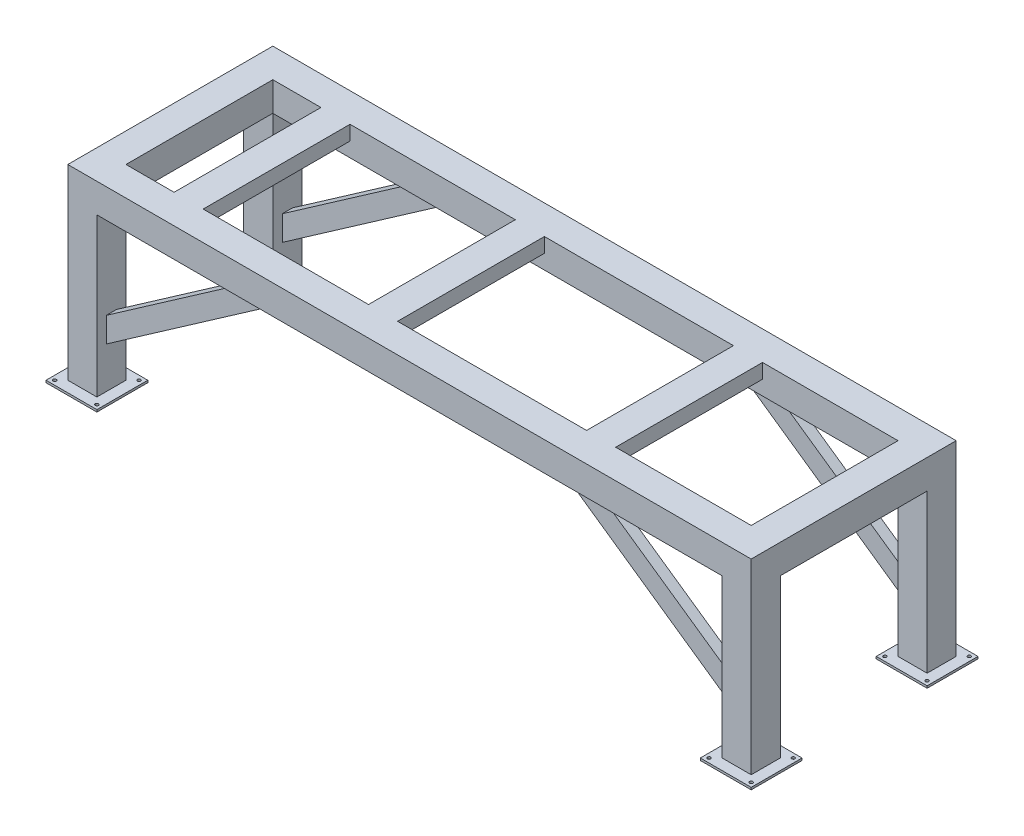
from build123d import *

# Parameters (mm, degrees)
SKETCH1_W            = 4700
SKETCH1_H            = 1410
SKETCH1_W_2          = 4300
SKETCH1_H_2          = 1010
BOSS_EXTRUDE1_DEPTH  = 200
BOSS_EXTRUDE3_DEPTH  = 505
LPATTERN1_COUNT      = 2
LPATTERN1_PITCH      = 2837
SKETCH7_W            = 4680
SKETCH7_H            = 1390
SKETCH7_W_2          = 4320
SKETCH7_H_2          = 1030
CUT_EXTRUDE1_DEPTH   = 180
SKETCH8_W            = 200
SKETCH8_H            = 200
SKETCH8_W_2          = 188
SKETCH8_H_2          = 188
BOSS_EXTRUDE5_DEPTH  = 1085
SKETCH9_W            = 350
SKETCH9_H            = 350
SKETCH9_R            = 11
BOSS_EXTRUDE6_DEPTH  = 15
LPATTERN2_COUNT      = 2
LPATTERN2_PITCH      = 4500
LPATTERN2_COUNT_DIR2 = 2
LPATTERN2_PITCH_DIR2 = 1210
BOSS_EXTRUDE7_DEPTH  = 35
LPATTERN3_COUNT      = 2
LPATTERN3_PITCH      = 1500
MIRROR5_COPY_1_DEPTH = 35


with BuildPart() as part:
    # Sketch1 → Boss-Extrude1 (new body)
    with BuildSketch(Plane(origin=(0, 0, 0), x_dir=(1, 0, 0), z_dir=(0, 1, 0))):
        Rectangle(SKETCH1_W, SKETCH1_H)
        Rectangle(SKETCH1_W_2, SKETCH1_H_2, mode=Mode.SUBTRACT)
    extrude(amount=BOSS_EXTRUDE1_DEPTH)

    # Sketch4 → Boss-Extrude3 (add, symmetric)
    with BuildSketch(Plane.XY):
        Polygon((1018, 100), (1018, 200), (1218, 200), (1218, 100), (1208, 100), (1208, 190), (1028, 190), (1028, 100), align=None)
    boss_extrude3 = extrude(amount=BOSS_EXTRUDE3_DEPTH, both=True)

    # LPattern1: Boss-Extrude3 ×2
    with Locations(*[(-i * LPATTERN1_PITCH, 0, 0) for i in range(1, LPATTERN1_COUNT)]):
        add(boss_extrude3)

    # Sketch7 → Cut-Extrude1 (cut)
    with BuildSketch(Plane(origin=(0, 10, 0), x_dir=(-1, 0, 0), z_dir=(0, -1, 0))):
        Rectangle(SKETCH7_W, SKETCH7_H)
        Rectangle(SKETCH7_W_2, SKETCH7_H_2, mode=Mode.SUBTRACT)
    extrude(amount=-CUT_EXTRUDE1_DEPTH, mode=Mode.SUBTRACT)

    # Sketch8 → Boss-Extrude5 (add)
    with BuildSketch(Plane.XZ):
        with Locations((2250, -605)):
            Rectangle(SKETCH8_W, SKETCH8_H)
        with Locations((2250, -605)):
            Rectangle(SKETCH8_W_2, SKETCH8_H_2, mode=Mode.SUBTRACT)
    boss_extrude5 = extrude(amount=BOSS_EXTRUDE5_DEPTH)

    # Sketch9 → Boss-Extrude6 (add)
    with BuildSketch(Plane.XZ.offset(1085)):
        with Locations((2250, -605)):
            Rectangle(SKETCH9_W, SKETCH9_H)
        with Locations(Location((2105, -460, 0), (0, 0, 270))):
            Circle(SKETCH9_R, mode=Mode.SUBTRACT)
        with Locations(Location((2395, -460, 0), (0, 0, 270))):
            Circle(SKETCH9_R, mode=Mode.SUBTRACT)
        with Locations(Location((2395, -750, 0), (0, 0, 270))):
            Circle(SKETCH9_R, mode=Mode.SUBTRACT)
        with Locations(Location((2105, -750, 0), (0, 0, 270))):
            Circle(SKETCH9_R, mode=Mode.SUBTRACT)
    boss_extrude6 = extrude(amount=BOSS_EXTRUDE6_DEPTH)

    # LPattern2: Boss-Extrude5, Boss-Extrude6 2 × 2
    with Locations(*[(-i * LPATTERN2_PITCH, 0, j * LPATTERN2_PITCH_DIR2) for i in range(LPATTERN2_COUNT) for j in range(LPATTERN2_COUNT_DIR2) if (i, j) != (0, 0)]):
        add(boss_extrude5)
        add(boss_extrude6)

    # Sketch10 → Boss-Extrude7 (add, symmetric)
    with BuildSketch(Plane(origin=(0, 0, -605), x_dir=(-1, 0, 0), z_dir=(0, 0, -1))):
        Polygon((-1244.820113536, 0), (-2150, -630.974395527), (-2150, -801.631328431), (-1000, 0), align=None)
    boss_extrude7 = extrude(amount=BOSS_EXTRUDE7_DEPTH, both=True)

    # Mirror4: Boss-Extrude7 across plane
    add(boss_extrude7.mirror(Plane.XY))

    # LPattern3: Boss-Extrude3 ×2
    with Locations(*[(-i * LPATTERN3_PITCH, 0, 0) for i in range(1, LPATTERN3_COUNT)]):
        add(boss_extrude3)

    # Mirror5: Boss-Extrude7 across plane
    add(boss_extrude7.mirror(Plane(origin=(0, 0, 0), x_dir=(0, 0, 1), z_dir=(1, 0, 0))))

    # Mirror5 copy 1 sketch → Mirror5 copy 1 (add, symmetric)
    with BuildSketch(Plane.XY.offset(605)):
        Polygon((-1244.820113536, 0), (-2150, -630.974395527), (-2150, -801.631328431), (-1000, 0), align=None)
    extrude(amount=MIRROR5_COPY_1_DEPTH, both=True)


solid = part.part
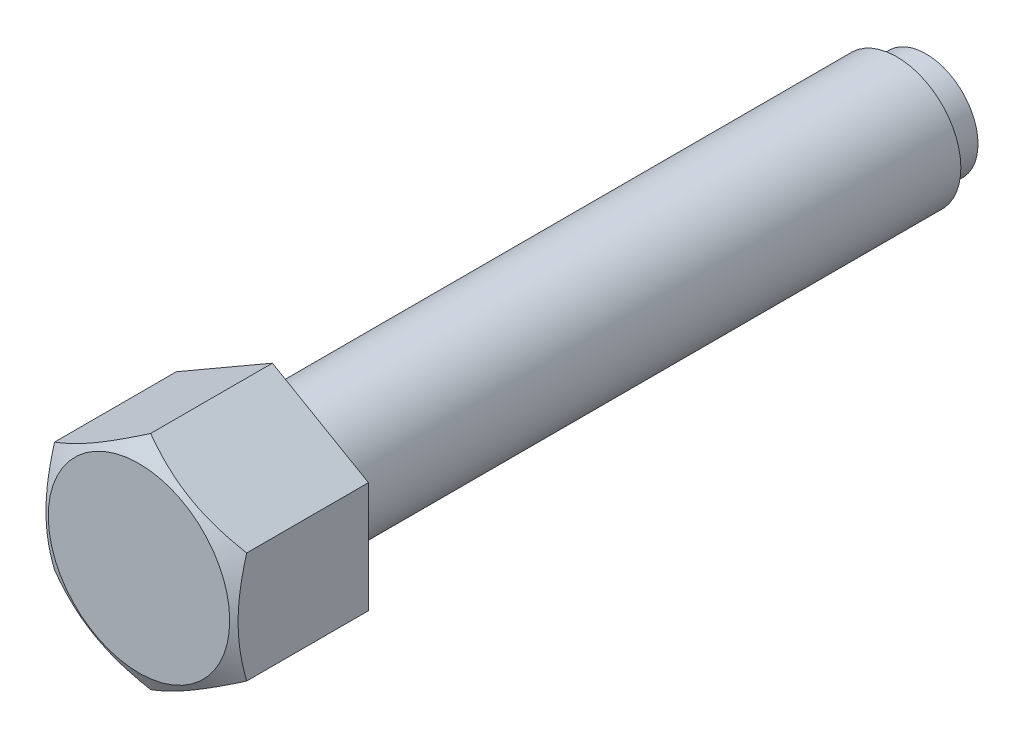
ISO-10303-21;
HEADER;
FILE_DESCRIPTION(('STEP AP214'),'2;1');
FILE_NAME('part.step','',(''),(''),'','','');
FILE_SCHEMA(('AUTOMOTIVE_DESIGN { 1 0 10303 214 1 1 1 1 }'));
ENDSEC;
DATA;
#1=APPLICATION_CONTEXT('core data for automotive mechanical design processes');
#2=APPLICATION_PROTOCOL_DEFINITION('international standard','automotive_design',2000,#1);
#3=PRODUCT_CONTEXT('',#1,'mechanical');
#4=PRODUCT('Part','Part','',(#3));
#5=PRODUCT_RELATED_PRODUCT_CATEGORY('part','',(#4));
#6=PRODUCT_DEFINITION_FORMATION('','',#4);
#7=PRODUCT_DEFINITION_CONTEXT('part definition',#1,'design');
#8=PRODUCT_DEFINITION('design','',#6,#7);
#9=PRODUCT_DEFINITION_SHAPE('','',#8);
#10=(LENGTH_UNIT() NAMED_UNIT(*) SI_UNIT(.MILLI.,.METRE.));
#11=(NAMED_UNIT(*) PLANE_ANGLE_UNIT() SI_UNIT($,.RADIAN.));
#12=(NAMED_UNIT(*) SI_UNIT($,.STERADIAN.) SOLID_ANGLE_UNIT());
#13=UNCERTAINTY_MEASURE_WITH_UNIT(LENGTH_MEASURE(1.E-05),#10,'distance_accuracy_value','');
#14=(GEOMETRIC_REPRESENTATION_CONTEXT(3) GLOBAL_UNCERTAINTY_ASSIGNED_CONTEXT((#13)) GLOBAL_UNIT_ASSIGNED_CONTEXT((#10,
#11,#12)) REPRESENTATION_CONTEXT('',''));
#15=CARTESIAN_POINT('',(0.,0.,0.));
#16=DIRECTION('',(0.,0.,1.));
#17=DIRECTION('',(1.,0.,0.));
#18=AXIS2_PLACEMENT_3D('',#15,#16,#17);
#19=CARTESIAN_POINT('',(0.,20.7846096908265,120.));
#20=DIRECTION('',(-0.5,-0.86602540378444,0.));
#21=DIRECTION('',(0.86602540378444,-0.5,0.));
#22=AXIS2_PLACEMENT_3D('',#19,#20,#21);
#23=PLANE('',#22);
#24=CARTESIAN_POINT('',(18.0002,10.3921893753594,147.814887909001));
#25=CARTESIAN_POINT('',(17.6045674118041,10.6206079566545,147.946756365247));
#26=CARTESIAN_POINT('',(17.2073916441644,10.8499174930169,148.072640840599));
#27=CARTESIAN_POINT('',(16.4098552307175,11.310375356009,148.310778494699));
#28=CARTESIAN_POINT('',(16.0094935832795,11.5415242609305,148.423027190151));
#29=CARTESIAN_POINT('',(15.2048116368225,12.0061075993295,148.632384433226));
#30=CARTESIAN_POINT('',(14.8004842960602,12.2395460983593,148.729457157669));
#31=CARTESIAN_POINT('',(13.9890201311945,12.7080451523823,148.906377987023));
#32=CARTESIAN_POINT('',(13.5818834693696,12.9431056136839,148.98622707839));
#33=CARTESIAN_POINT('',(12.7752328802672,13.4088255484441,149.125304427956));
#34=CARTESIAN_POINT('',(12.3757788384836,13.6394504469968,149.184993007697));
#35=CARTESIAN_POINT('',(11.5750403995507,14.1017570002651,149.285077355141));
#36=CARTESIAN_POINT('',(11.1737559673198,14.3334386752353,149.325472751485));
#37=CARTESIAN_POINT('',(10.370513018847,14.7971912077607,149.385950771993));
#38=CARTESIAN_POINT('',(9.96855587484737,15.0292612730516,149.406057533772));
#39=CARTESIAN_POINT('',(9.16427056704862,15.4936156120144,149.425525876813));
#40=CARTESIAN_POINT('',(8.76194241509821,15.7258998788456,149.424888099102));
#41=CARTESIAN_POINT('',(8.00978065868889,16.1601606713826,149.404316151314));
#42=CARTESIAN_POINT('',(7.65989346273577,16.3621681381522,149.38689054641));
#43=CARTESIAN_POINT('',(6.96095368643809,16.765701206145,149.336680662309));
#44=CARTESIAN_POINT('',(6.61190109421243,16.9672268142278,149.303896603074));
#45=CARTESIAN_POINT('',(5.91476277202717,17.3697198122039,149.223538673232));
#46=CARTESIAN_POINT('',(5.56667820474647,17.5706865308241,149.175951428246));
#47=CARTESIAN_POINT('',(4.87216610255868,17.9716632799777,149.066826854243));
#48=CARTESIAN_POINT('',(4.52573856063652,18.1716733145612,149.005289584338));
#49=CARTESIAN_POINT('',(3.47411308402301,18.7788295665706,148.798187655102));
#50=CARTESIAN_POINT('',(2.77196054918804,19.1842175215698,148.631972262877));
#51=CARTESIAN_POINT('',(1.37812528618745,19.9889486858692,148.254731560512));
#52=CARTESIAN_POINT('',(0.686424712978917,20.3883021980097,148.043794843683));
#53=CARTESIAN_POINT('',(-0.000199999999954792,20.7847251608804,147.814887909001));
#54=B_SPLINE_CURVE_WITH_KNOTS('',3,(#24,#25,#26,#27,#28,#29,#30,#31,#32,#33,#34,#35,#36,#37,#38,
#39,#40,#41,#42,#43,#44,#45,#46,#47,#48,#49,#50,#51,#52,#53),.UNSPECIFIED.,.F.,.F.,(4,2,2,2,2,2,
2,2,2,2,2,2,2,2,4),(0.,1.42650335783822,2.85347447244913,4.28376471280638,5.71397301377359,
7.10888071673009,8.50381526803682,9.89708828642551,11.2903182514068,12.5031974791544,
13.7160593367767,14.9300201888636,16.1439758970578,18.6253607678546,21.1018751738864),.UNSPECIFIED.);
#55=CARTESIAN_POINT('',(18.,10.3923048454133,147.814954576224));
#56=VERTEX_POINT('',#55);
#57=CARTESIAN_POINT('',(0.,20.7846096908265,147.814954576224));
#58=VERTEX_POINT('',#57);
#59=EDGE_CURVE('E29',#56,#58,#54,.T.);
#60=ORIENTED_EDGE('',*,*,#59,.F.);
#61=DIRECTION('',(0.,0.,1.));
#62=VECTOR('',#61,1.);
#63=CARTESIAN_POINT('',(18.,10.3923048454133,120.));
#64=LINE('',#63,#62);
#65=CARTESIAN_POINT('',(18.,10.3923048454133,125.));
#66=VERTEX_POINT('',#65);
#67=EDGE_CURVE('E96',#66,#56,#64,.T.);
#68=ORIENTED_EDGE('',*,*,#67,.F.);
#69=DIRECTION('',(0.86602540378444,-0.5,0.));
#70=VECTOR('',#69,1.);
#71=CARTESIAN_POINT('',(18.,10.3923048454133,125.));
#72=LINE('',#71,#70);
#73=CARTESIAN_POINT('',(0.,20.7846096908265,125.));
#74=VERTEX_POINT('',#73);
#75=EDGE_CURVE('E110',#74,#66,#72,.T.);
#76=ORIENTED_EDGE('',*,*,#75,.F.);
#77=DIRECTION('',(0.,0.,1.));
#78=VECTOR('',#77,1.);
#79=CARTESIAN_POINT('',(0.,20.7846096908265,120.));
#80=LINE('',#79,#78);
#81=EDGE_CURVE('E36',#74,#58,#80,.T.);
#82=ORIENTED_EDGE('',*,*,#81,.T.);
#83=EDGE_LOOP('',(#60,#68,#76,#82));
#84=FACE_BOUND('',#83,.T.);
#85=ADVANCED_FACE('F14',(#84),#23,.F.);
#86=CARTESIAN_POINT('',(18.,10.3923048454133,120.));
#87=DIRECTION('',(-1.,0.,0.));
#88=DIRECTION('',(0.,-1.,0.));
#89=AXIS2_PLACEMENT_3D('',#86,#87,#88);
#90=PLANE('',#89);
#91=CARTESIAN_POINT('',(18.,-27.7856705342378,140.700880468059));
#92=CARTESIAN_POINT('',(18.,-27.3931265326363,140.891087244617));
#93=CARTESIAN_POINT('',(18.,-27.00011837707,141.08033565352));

....

EXERCISE DIRECTIONS:
Gather each line of the listing that holds the string "amount".

ANSWER:
    extrude(amount=BOSS_EXTRUDE1_DEPTH)
    boss_extrude3 = extrude(amount=BOSS_EXTRUDE3_DEPTH, both=True)
    extrude(amount=-CUT_EXTRUDE1_DEPTH, mode=Mode.SUBTRACT)
    boss_extrude5 = extrude(amount=BOSS_EXTRUDE5_DEPTH)
    boss_extrude6 = extrude(amount=BOSS_EXTRUDE6_DEPTH)
    boss_extrude7 = extrude(amount=BOSS_EXTRUDE7_DEPTH, both=True)
    extrude(amount=MIRROR5_COPY_1_DEPTH, both=True)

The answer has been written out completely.